Une fiscalité concentrée sur un nombre limité d’acteurs
En Afrique de l’Ouest, la concurrence fiscale ne se traduit pas uniquement par une baisse des impôts destinée à attirer les investisseurs. Dans plusieurs pays de la région, le principal défi réside plutôt dans la faiblesse de l’assiette fiscale.

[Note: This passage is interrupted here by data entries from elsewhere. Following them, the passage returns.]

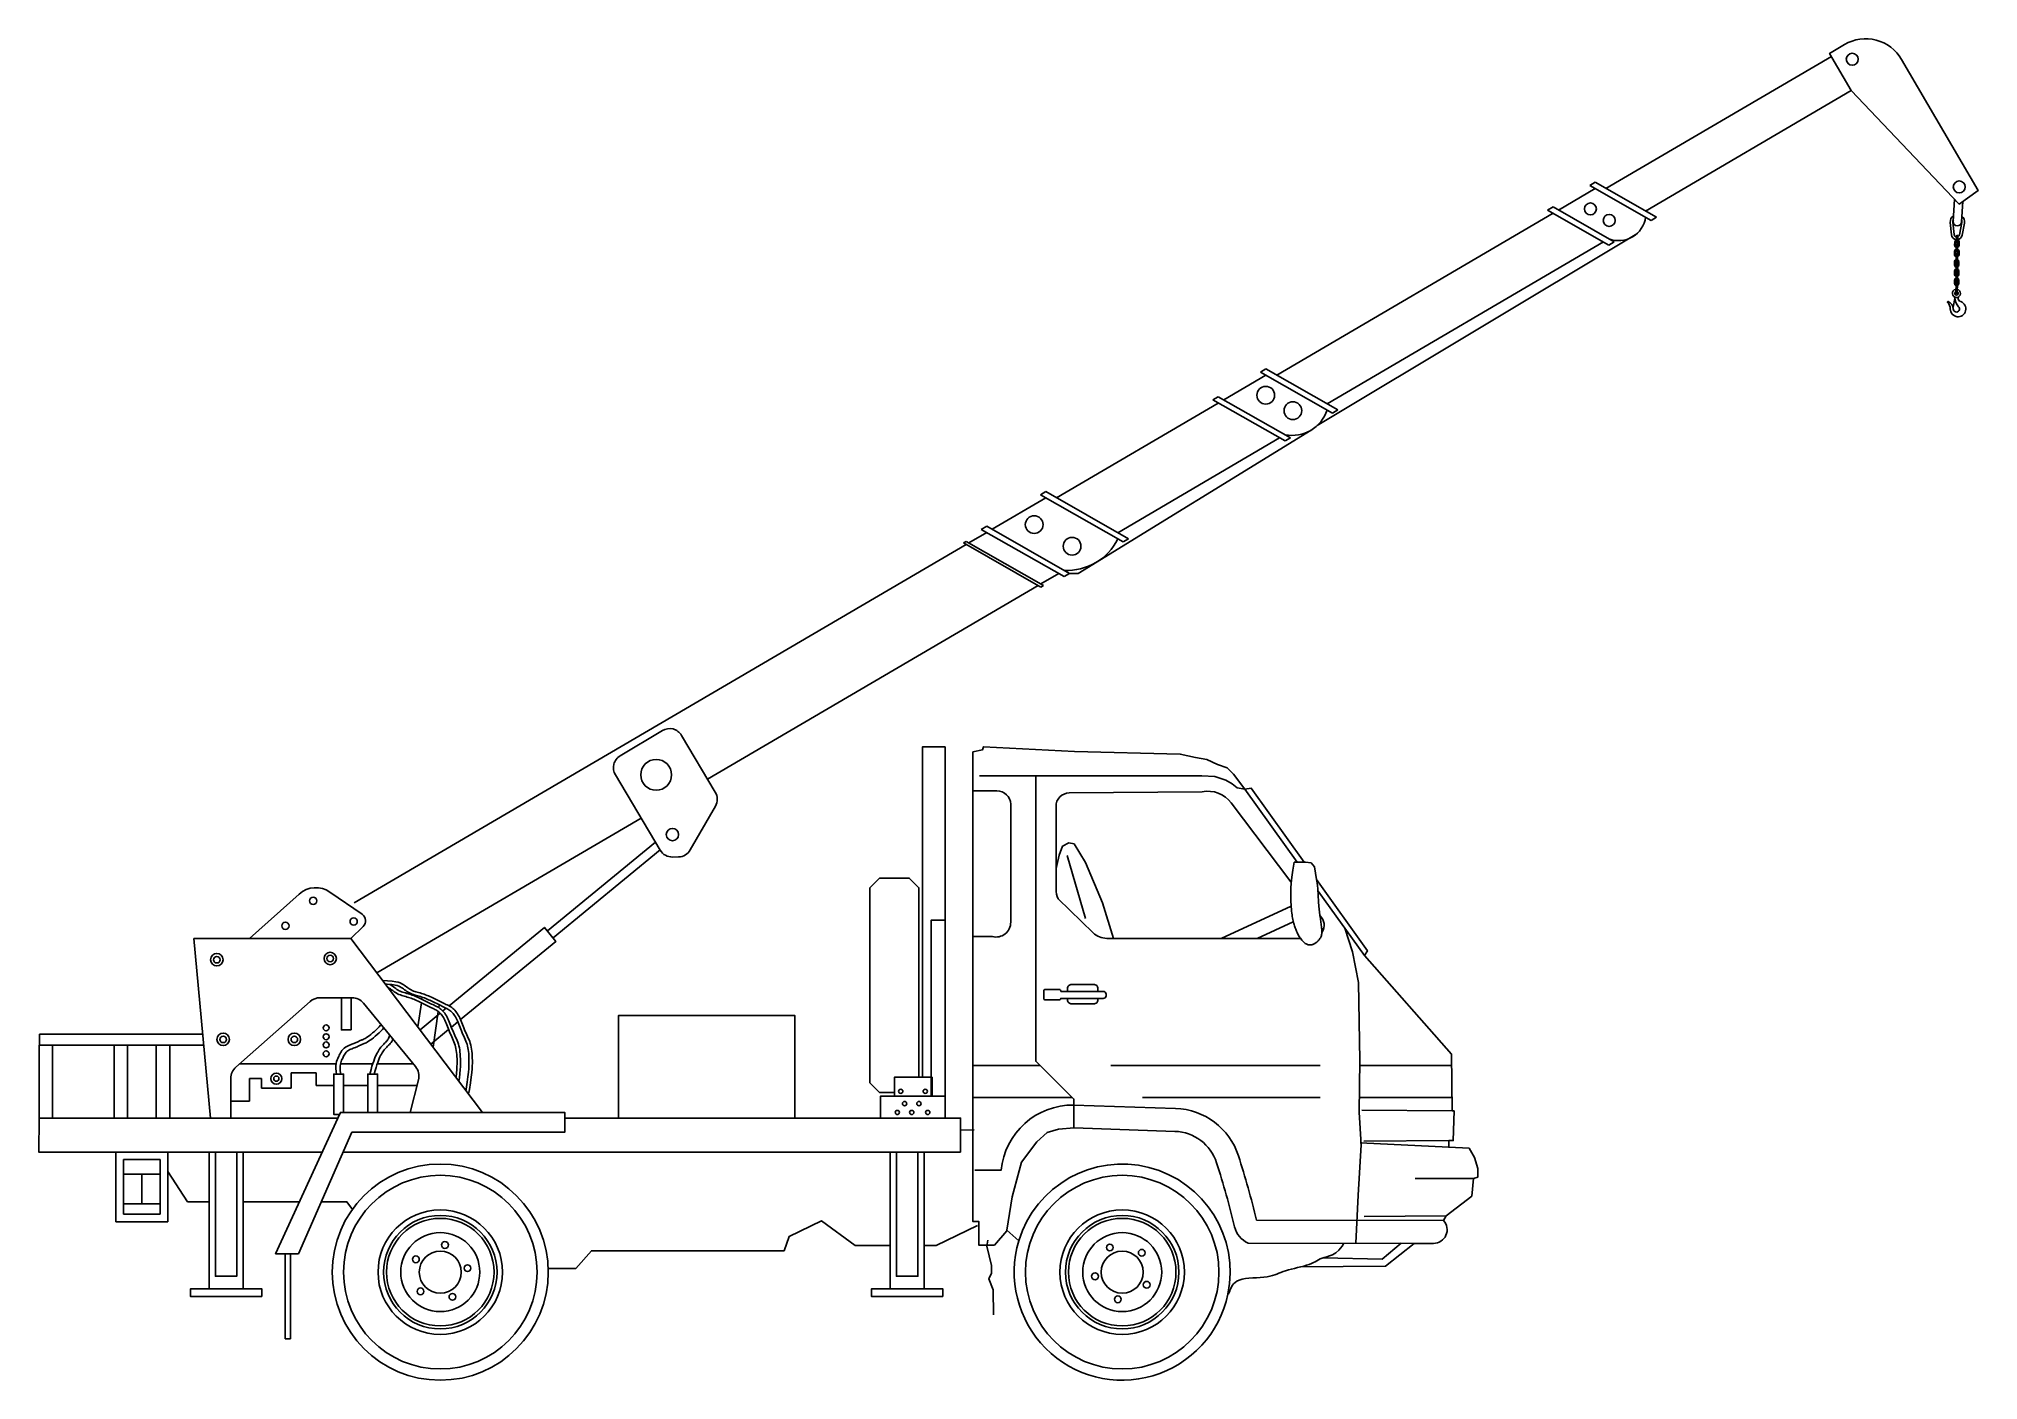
# Model space of a CAD drawing. Header units: millimetres. Extents: x -3082.09 to -3075.09, y 1821.94 to 1826.78.
import ezdxf

# ---------------------------------------------------------------- set-up
doc = ezdxf.new("R2010")
doc.units = ezdxf.units.MM
doc.header["$LTSCALE"] = 10
doc.layers.add('Veículos', color=2, linetype='Continuous')

msp = doc.modelspace()

# ---------------------------------------------------------------- linework, layer by layer
at = {"layer": 'Veículos'}
for p, q in [((-3076.4304, 1826.2383), (-3075.6167, 1826.7146)), ((-3076.2873, 1826.1568), (-3075.5447, 1826.5916)), ((-3076.6019, 1826.1605), (-3076.4693, 1826.2381)), ((-3076.4888, 1826.2492), (-3076.4694, 1826.2605)), ((-3076.4888, 1826.2492), (-3076.2676, 1826.1233)), ((-3076.4694, 1826.2605), (-3076.2482, 1826.1346)), ((-3077.619, 1825.565), (-3076.6213, 1826.1491)), ((-3076.6408, 1826.1602), (-3076.6214, 1826.1716)), ((-3076.6408, 1826.1602), (-3076.4196, 1826.0343)), ((-3076.6214, 1826.1716), (-3076.4002, 1826.0456)), ((-3076.2676, 1826.1233), (-3076.2482, 1826.1346)), ((-3076.3186, 1826.0752), (-3077.473, 1825.3826)), ((-3077.4369, 1825.4613), (-3076.4391, 1826.0454)), ((-3076.4196, 1826.0343), (-3076.4002, 1826.0456)), ((-3075.172, 1825.8453), (-3075.1578, 1825.8453)), ((-3075.1705, 1825.841), (-3075.1771, 1825.8105)), ((-3077.8103, 1825.4756), (-3077.6579, 1825.5648)), ((-3077.6774, 1825.5759), (-3077.6581, 1825.5872)), ((-3077.6774, 1825.5759), (-3077.4172, 1825.4277)), ((-3077.6581, 1825.5872), (-3077.3979, 1825.4391)), ((-3078.4138, 1825.1223), (-3077.8297, 1825.4642)), ((-3077.8492, 1825.4753), (-3077.8298, 1825.4867)), ((-3077.8492, 1825.4753), (-3077.589, 1825.3272)), ((-3077.8298, 1825.4867), (-3077.5696, 1825.3385)), ((-3077.4172, 1825.4277), (-3077.3979, 1825.4391)), ((-3077.4946, 1825.3664), (-3078.3354, 1824.8493)), ((-3078.1926, 1824.9963), (-3077.6085, 1825.3383)), ((-3077.589, 1825.3272), (-3077.5696, 1825.3385)), ((-3078.4722, 1825.1331), (-3078.4528, 1825.1445)), ((-3078.4528, 1825.1445), (-3078.1536, 1824.9741)), ((-3078.6465, 1825.0086), (-3078.4527, 1825.122)), ((-3078.4722, 1825.1331), (-3078.173, 1824.9628)), ((-3078.6854, 1825.0083), (-3078.666, 1825.0197)), ((-3078.6854, 1825.0083), (-3078.3862, 1824.838)), ((-3078.666, 1825.0197), (-3078.3668, 1824.8493)), ((-3080.9491, 1823.6606), (-3078.7402, 1824.9537)), ((-3078.7499, 1824.9593), (-3078.7402, 1824.965)), ((-3078.7499, 1824.9593), (-3078.4702, 1824.8)), ((-3078.7402, 1824.965), (-3078.4605, 1824.8057)), ((-3078.7305, 1824.9594), (-3078.6659, 1824.9972)), ((-3078.173, 1824.9628), (-3078.1536, 1824.9741)), ((-3079.6736, 1824.1068), (-3078.48, 1824.8056)), ((-3078.4703, 1824.8113), (-3078.4057, 1824.8491)), ((-3078.4702, 1824.8), (-3078.4605, 1824.8057)), ((-3078.3862, 1824.838), (-3078.3668, 1824.8493)), ((-3078.3668, 1824.8493), (-3078.3354, 1824.8493)), ((-3077.5445, 1823.8076), (-3077.7338, 1824.0713)), ((-3080.8671, 1823.4081), (-3079.9135, 1823.9664)), ((-3079.8618, 1823.8796), (-3080.252, 1823.5592)), ((-3079.845, 1823.8514), (-3080.2314, 1823.5341)), ((-3078.3751, 1823.831), (-3078.3089, 1823.6045)), ((-3077.3023, 1823.4704), (-3077.4694, 1823.7031)), ((-3080.9611, 1823.5322), (-3081.5286, 1823.5322)), ((-3081.4681, 1822.8839), (-3081.5286, 1823.5322)), ((-3080.4856, 1822.9042), (-3080.9611, 1823.5322)), ((-3077.6895, 1823.5324), (-3077.5597, 1823.5923)), ((-3081.0146, 1823.0794), (-3081.3633, 1823.0794)), ((-3081.0863, 1823.0475), (-3081.1772, 1823.0475)), ((-3081.1772, 1823.0475), (-3081.1772, 1822.992)), ((-3081.0863, 1823.0014), (-3081.0863, 1823.0475)), ((-3080.8825, 1823.0794), (-3080.999, 1823.0794)), ((-3080.7362, 1823.0794), (-3080.8663, 1823.0794)), ((-3078.4728, 1823.0731), (-3078.7131, 1823.0731)), ((-3077.4624, 1823.0731), (-3078.2175, 1823.0731)), ((-3076.987, 1823.0731), (-3077.3194, 1823.0731)), ((-3081.2835, 1823.0262), (-3081.3273, 1823.0262)), ((-3081.3273, 1823.0262), (-3081.3273, 1822.9447)), ((-3081.2835, 1822.992), (-3081.2835, 1823.0262)), ((-3081.1772, 1822.992), (-3081.2835, 1822.992)), ((-3081.0229, 1823.0014), (-3081.0863, 1823.0014)), ((-3080.9001, 1823.0014), (-3080.9878, 1823.0014)), ((-3080.7226, 1823.0014), (-3080.865, 1823.0014)), ((-3081.3273, 1822.9447), (-3081.3946, 1822.9447)), ((-3078.3577, 1822.9585), (-3078.7124, 1822.9585)), ((-3077.4624, 1822.9585), (-3078.1029, 1822.9585)), ((-3076.9858, 1822.9585), (-3077.3208, 1822.9585)), ((-3078.7602, 1822.8408), (-3078.7112, 1822.8414)), ((-3081.551, 1822.5811), (-3081.6226, 1822.6915)), ((-3081.716, 1822.682), (-3081.716, 1822.574))]:
    msp.add_line(p, q, dxfattribs=at)
for points in [[(-3075.5447, 1826.5916), (-3075.1557, 1826.1822), (-3075.0865, 1826.2312), (-3075.3633, 1826.7042, 0.414214), (-3075.5686, 1826.7578), (-3075.6233, 1826.7258)], [(-3075.1595, 1826.0665), (-3075.1607, 1826.0455, -1), (-3075.1657, 1826.0458), (-3075.1645, 1826.0667, -1)], [(-3075.1614, 1825.9898), (-3075.1615, 1825.9742, -1), (-3075.1665, 1825.9743), (-3075.1664, 1825.9898), (-3075.1664, 1826.0001, -1), (-3075.1614, 1826)], [(-3075.1613, 1826.0332), (-3075.1614, 1826.0123, -1), (-3075.1664, 1826.0123), (-3075.1663, 1826.0332, -1)], [(-3075.1616, 1825.9289), (-3075.1616, 1825.9079, -1), (-3075.1666, 1825.9079), (-3075.1666, 1825.9289, -1)], [(-3075.1615, 1825.962), (-3075.1616, 1825.9411, -1), (-3075.1665, 1825.9411), (-3075.1665, 1825.962, -1)], [(-3075.1617, 1825.8957), (-3075.1629, 1825.8619, -1), (-3075.1678, 1825.8619), (-3075.1666, 1825.8957, -1)], [(-3079.989, 1824.1914), (-3079.8364, 1824.2823, -0.414634), (-3079.7674, 1824.2648), (-3079.6458, 1824.0601, -0.27031), (-3079.6454, 1824.0094), (-3079.7359, 1823.8515, -0.262876), (-3079.7784, 1823.8262), (-3079.8, 1823.8257, -0.270286), (-3079.8443, 1823.8503), (-3080.0065, 1824.1224, -0.414214)], [(-3077.5211, 1822.3499), (-3077.532, 1822.3471), (-3077.5434, 1822.3444), (-3077.5549, 1822.3416), (-3077.5661, 1822.3389), (-3077.5769, 1822.336), (-3077.5868, 1822.3331), (-3077.5956, 1822.33), (-3077.6037, 1822.3268), (-3077.6112, 1822.3237), (-3077.6187, 1822.3207), (-3077.6263, 1822.3178), (-3077.6345, 1822.3153), (-3077.6436, 1822.313), (-3077.6538, 1822.3112), (-3077.6655, 1822.3098), (-3077.6783, 1822.3088), (-3077.6918, 1822.3079), (-3077.7055, 1822.307), (-3077.719, 1822.3059), (-3077.7319, 1822.3044), (-3077.7437, 1822.3022), (-3077.754, 1822.2994), (-3077.7624, 1822.2956), (-3077.7692, 1822.2911), (-3077.7745, 1822.2861), (-3077.7786, 1822.2807), (-3077.7818, 1822.275), (-3077.7843, 1822.2694), (-3077.7864, 1822.264), (-3077.7883, 1822.2589), (-3077.7904, 1822.2543), (-3077.7933, 1822.25), (-3077.795, 1822.2483, -1.045704), (-3078.5497, 1822.4412), (-3078.5928, 1822.4794), (-3078.5933, 1822.4764), (-3078.6378, 1822.4248), (-3078.694, 1822.4248), (-3078.694, 1822.5105), (-3078.7159, 1822.5105), (-3078.7159, 1824.2053), (-3078.6807, 1824.2128), (-3078.6776, 1824.2235), (-3078.3491, 1824.2068), (-3077.9671, 1824.1976), (-3077.9121, 1824.1851), (-3077.8709, 1824.1773), (-3077.8328, 1824.1603), (-3077.7977, 1824.148), (-3077.7748, 1824.125), (-3077.7338, 1824.0713), (-3077.7109, 1824.0743), (-3077.5204, 1823.8075), (-3077.5148, 1823.8075), (-3077.495, 1823.8044), (-3077.4828, 1823.7906), (-3077.4754, 1823.7447), (-3077.4753, 1823.7445), (-3077.2915, 1823.4872), (-3077.3023, 1823.4704), (-3076.9875, 1823.1145), (-3076.9853, 1822.9098), (-3076.9784, 1822.9097), (-3076.9819, 1822.8028), (-3076.9979, 1822.8027), (-3076.9979, 1822.7787), (-3076.9247, 1822.775), (-3076.905, 1822.7413), (-3076.8929, 1822.7015), (-3076.893, 1822.6709), (-3076.9083, 1822.6664), (-3076.9147, 1822.6023), (-3077.0067, 1822.5308), (-3077.0168, 1822.5142, -0.654593), (-3077.053, 1822.4317), (-3077.123, 1822.4318), (-3077.226, 1822.3499), (-3077.532, 1822.3471)], [(-3078.3987, 1823.3408), (-3078.3987, 1823.3434, 0.414214), (-3078.4037, 1823.3484), (-3078.4547, 1823.3484, 0.414214), (-3078.4597, 1823.3434), (-3078.4597, 1823.315, 0.414214), (-3078.4547, 1823.31), (-3078.4037, 1823.31, 0.414214), (-3078.3987, 1823.315), (-3078.3987, 1823.3154), (-3078.2452, 1823.3154, 0.414214), (-3078.2352, 1823.3254), (-3078.2352, 1823.3308, 0.414214), (-3078.2452, 1823.3408)]]:
    msp.add_lwpolyline(points, format="xyb", close=True, dxfattribs=at)
for points in [[(-3075.1425, 1826.1915), (-3075.1466, 1826.1176, -1), (-3075.1765, 1826.1193), (-3075.1721, 1826.1995, -1)], [(-3075.1652, 1826.0537, -0.365324), (-3075.1831, 1826.0713), (-3075.1874, 1826.116, -0.283319), (-3075.1753, 1826.1404)], [(-3075.1647, 1826.0635, -0.359508), (-3075.1734, 1826.0722), (-3075.1777, 1826.1169, -0.13623), (-3075.1762, 1826.1255)], [(-3075.1454, 1826.1388, -0.280159), (-3075.1361, 1826.1135), (-3075.1447, 1826.0694, -0.30795), (-3075.1602, 1826.054)], [(-3075.1462, 1826.1238, -0.13325), (-3075.1456, 1826.1154), (-3075.1542, 1826.0713, -0.239816), (-3075.1596, 1826.0643)], [(-3075.1653, 1826.0522, 0.375086), (-3075.1712, 1826.0461), (-3075.172, 1826.0332, 0.391137), (-3075.1664, 1826.0264)], [(-3075.1614, 1826.0262, 0.359005), (-3075.1558, 1826.0323), (-3075.1551, 1826.0452, 0.375086), (-3075.1603, 1826.052)], [(-3075.1664, 1826.0187, 0.375086), (-3075.172, 1826.0123), (-3075.172, 1825.9993, 0.375086), (-3075.1664, 1825.9929)], [(-3075.1664, 1826.0136, 0.255438), (-3075.1671, 1826.0123), (-3075.1672, 1825.9993, 0.255438), (-3075.1664, 1825.9979)], [(-3075.1656, 1826.0472, 0.255438), (-3075.1664, 1826.0459), (-3075.1671, 1826.0329, 0.273845), (-3075.1663, 1826.0314)], [(-3075.1614, 1826.0313, 0.236271), (-3075.1606, 1826.0326), (-3075.1599, 1826.0455, 0.255438), (-3075.1606, 1826.0469)], [(-3075.1614, 1825.9929, 0.375086), (-3075.1558, 1825.9993), (-3075.1558, 1826.0122, 0.375086), (-3075.1614, 1826.0187)], [(-3075.1614, 1825.9979, 0.255438), (-3075.1607, 1825.9993), (-3075.1606, 1826.0123, 0.255438), (-3075.1614, 1826.0136)], [(-3075.1666, 1825.9144, 0.375086), (-3075.1722, 1825.908), (-3075.1723, 1825.895, 0.375086), (-3075.1667, 1825.8886)], [(-3075.1665, 1825.9475, 0.375086), (-3075.1721, 1825.9411), (-3075.1722, 1825.9282, 0.375086), (-3075.1666, 1825.9217)], [(-3075.1665, 1825.9807, 0.375086), (-3075.1721, 1825.9743), (-3075.1721, 1825.9613, 0.375086), (-3075.1665, 1825.9549)], [(-3075.1665, 1825.9425, 0.255438), (-3075.1673, 1825.9411), (-3075.1673, 1825.9281, 0.255438), (-3075.1666, 1825.9268)], [(-3075.1665, 1825.9756, 0.255438), (-3075.1672, 1825.9743), (-3075.1672, 1825.9613, 0.255438), (-3075.1665, 1825.9599)], [(-3075.1617, 1825.8885, 0.375086), (-3075.156, 1825.895), (-3075.156, 1825.9079, 0.375086), (-3075.1616, 1825.9144)], [(-3075.1616, 1825.9217, 0.375086), (-3075.156, 1825.9281), (-3075.1559, 1825.9411, 0.375086), (-3075.1615, 1825.9475)], [(-3075.1616, 1825.9268, 0.255438), (-3075.1608, 1825.9281), (-3075.1608, 1825.9411, 0.255438), (-3075.1615, 1825.9425)], [(-3075.1615, 1825.9549, 0.375086), (-3075.1559, 1825.9613), (-3075.1559, 1825.9742, 0.375086), (-3075.1615, 1825.9807)], [(-3075.1615, 1825.9599, 0.255438), (-3075.1608, 1825.9613), (-3075.1607, 1825.9742, 0.255438), (-3075.1615, 1825.9756)], [(-3075.1719, 1825.8471), (-3075.172, 1825.8453), (-3075.172, 1825.8453, -0.41363), (-3075.1705, 1825.8439, 0.200995), (-3075.1571, 1825.8117, -1.504736), (-3075.1763, 1825.8037, 0.317837), (-3075.195, 1825.8303, 0.7917), (-3075.197, 1825.8272, -0.194396), (-3075.1876, 1825.8037, 1.920876), (-3075.1496, 1825.8301, -0.313354), (-3075.1592, 1825.8438, -0.416263), (-3075.1578, 1825.8453), (-3075.1578, 1825.8453), (-3075.1578, 1825.8471)], [(-3075.1666, 1825.9093, 0.255438), (-3075.1674, 1825.9079), (-3075.1674, 1825.895, 0.255438), (-3075.1666, 1825.8936)], [(-3075.1617, 1825.8936, 0.255438), (-3075.1609, 1825.895), (-3075.1609, 1825.9079, 0.255438), (-3075.1616, 1825.9093)], [(-3078.7159, 1824.0647), (-3078.6294, 1824.0647, -0.400561), (-3078.5791, 1824.0168), (-3078.5791, 1823.5904, -0.487859), (-3078.6453, 1823.5387), (-3078.7159, 1823.5387)], [(-3077.5682, 1823.7359), (-3077.7829, 1824.0211, 0.287968), (-3077.8882, 1824.0612), (-3078.3681, 1824.0571, 0.41605), (-3078.4157, 1824.0084), (-3078.4157, 1823.7843), (-3078.4042, 1823.8326), (-3078.3918, 1823.8647), (-3078.3688, 1823.8768), (-3078.3505, 1823.8737), (-3078.3095, 1823.8063), (-3078.2475, 1823.6608), (-3078.2083, 1823.5324), (-3077.8199, 1823.5324), (-3077.567, 1823.6491)], [(-3078.4157, 1823.7843), (-3078.4157, 1823.7104, 0.1091), (-3078.4079, 1823.6753), (-3078.2816, 1823.5525, 0.192897), (-3078.2327, 1823.5324), (-3078.2083, 1823.5324, 0.681858)], [(-3080.9611, 1823.5322), (-3080.9168, 1823.5749, 0.473896), (-3080.9204, 1823.6192), (-3081.0368, 1823.6994, 0.34624), (-3081.1477, 1823.6924), (-3081.3269, 1823.5322)], [(-3077.4546, 1823.5547, 0.358256), (-3077.4626, 1823.614)], [(-3077.8199, 1823.5324), (-3077.5342, 1823.5324, 0.681858)], [(-3078.2643, 1823.3408), (-3078.2643, 1823.3511, 0.414214), (-3078.2796, 1823.3664), (-3078.3588, 1823.3664, 0.414214), (-3078.374, 1823.3511), (-3078.374, 1823.3408)], [(-3080.7475, 1822.9042), (-3080.7175, 1823.0215, 0.238319), (-3080.7281, 1823.0695), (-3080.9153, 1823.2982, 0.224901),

Une grande partie de l’économie évolue dans le secteur informel, ce qui complique le travail des administrations fiscales. Selon la Banque mondiale et la Banque africaine de développement, l’économie informelle représente entre 40 % et 60 % du PIB dans plusieurs pays ouest-africains et concentre plus de 80 % des emplois dans certaines économies de la région.
Dans ce contexte, les États s’appuient fortement sur les contribuables déjà identifiés : grandes entreprises, banques, opérateurs télécoms, importateurs, salariés du secteur formel et PME structurées.
Le Sénégal proche de l’objectif fiscal de l’UEMOA
Au Sénégal, les autorités ont augmenté la pression fiscale ces dernières années afin de se rapprocher du seuil fixé par l’Union économique et monétaire ouest-africaine (UEMOA), qui recommande un taux de pression fiscale équivalent à 20 % du PIB.
Selon les données officielles, le pays affiche désormais un taux situé entre 19 % et 20 % du PIB. Cette hausse repose principalement sur les recettes issues de la TVA, des droits de douane et des prélèvements appliqués aux acteurs déjà intégrés dans l’économie formelle.
La formalisation peut devenir un désavantage
Cette situation crée un paradoxe économique : plus une entreprise se formalise, plus elle devient visible pour l’administration fiscale et plus elle supporte la pression fiscale.
À l’inverse, certaines activités informelles continuent d’échapper largement à l’impôt. Cette réalité peut pousser certains entrepreneurs à limiter leur croissance ou à éviter une déclaration complète de leurs activités.
Une pression fiscale qui se concentre sur les mêmes contribuables
Faute d’élargir suffisamment l’assiette fiscale, les administrations cherchent souvent à accroître les recettes auprès des contribuables déjà enregistrés.
Cela se traduit parfois par des contrôles fiscaux plus fréquents, une pression accrue sur certains secteurs économiques et une forte dépendance aux grandes entreprises ainsi qu’aux recettes douanières.
Le risque d’un frein à l’investissement
Cette concentration de la fiscalité peut fragiliser les entreprises formelles et ralentir les investissements productifs.
Plusieurs économistes évoquent ainsi une forme de « concurrence fiscale inversée », dans laquelle les États augmentent indirectement la pression sur les acteurs visibles faute d’intégrer progressivement les activités informelles dans le système fiscal.
Pour de nombreux analystes, le véritable défi consiste désormais à élargir durablement l’assiette fiscale afin de mieux répartir l’effort entre tous les acteurs économiques.